• [What you will do]
Once the line with "#43=VECTOR('',#42,1.);" is found in the entries below, print it and each following line exactly, stopping after the line with "#51=VECTOR('',#50,1.);"; print nothing else.

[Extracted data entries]
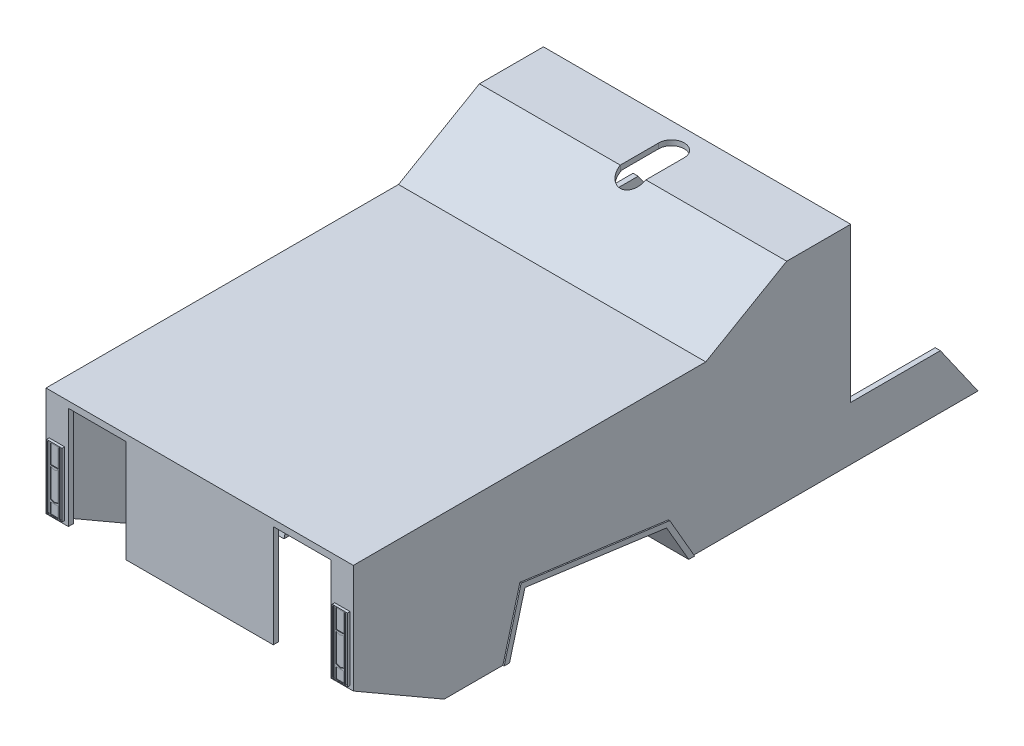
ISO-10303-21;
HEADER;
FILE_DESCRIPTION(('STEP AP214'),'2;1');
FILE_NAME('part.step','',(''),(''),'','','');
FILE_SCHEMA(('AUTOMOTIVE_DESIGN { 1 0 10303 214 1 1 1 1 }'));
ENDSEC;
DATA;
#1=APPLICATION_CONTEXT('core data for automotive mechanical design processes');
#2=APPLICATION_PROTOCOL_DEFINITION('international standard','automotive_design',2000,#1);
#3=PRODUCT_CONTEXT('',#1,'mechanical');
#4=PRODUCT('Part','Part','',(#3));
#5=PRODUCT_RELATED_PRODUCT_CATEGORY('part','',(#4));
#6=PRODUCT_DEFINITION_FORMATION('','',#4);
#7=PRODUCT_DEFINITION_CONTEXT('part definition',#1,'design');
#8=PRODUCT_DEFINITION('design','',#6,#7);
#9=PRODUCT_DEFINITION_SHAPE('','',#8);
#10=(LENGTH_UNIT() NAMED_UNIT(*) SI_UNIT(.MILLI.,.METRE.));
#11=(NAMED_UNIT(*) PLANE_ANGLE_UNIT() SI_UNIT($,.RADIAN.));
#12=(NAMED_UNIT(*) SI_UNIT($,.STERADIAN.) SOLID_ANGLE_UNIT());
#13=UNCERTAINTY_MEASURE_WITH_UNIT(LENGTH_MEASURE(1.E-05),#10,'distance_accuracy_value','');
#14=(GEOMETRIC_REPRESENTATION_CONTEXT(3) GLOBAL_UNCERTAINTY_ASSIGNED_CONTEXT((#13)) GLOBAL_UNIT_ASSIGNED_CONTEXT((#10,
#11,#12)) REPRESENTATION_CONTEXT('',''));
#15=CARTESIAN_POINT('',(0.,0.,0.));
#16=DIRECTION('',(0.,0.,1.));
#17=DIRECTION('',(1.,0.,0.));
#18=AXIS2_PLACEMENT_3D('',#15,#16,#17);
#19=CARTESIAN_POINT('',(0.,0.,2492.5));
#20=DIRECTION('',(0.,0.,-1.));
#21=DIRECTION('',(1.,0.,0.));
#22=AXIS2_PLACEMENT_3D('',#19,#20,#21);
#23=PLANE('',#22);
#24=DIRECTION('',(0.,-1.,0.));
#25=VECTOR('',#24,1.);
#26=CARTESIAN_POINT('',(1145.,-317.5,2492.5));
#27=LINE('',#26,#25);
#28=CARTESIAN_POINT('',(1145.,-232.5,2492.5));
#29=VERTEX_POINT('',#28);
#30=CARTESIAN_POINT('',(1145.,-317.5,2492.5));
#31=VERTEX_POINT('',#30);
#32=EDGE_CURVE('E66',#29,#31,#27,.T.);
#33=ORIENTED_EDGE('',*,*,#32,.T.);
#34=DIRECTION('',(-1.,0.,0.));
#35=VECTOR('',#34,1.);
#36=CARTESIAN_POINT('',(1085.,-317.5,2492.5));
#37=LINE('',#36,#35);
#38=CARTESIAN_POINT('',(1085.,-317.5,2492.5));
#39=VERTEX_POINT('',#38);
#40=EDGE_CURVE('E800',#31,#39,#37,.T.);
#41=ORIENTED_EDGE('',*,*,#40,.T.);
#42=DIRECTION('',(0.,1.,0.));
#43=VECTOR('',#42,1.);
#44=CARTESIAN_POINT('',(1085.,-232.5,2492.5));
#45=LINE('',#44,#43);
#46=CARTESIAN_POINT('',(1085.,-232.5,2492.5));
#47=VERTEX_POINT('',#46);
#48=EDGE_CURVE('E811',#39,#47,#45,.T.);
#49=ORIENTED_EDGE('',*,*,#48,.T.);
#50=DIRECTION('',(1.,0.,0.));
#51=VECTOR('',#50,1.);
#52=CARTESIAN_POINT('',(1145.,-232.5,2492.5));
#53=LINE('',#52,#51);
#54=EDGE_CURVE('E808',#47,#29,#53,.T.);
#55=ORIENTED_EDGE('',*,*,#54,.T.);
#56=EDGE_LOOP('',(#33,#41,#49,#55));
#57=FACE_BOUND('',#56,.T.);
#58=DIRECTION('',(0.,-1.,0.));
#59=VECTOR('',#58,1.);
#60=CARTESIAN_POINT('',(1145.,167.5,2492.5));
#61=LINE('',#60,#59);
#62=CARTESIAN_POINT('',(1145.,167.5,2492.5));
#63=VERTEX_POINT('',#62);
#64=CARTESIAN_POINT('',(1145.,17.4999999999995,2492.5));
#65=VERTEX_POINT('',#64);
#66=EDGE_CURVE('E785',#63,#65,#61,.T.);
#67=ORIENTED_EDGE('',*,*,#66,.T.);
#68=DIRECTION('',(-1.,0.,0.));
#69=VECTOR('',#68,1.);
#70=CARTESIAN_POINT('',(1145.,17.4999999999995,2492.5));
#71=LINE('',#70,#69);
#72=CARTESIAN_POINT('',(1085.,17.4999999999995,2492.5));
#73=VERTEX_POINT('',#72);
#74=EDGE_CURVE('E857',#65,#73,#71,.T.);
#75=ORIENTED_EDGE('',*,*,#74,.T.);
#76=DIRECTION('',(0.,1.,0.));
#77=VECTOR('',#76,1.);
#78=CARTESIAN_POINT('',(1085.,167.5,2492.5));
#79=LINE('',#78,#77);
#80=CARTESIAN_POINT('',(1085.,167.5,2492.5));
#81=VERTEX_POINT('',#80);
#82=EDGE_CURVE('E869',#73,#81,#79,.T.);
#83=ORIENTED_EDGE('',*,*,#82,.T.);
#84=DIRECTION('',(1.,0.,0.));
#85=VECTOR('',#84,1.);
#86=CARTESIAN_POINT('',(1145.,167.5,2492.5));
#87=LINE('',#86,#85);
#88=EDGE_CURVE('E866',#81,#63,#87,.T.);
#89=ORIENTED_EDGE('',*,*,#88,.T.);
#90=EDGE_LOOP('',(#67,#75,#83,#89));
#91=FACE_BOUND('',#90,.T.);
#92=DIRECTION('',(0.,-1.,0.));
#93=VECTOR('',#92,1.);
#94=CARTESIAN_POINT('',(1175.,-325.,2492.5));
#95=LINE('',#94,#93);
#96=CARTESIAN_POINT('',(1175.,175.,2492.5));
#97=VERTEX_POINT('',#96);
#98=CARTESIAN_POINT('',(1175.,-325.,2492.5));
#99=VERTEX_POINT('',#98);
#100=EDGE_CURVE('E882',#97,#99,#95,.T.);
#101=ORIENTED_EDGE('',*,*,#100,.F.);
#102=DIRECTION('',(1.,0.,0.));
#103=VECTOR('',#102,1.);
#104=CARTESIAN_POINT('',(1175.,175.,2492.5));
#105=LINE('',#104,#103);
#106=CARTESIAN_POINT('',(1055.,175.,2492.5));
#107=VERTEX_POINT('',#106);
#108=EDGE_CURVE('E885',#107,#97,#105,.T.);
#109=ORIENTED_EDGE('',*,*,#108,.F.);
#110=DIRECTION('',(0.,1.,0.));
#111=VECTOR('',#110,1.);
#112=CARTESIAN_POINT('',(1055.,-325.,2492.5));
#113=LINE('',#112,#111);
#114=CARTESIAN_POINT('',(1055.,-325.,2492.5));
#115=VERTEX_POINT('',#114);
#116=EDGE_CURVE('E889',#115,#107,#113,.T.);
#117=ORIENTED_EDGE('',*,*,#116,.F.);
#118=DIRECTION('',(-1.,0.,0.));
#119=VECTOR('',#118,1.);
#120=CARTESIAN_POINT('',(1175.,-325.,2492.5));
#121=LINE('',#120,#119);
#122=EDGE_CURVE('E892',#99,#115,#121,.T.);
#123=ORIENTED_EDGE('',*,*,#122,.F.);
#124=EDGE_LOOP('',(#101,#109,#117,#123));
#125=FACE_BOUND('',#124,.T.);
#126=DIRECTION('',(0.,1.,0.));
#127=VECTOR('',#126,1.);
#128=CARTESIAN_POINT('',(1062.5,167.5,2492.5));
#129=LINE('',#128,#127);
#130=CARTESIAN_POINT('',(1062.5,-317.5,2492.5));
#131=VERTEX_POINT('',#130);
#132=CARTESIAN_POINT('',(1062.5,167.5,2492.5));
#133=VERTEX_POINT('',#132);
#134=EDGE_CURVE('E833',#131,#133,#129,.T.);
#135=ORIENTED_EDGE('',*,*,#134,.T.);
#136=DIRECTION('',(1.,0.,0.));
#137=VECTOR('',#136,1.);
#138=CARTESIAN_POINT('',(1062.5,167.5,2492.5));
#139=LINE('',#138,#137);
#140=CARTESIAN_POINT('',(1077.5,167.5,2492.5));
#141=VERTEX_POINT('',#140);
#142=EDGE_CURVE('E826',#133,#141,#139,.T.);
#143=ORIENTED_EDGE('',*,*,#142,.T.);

• [Answer for this exercise]
#43=VECTOR('',#42,1.);
#44=CARTESIAN_POINT('',(1085.,-232.5,2492.5));
#45=LINE('',#44,#43);
#46=CARTESIAN_POINT('',(1085.,-232.5,2492.5));
#47=VERTEX_POINT('',#46);
#48=EDGE_CURVE('E811',#39,#47,#45,.T.);
#49=ORIENTED_EDGE('',*,*,#48,.T.);
#50=DIRECTION('',(1.,0.,0.));
#51=VECTOR('',#50,1.);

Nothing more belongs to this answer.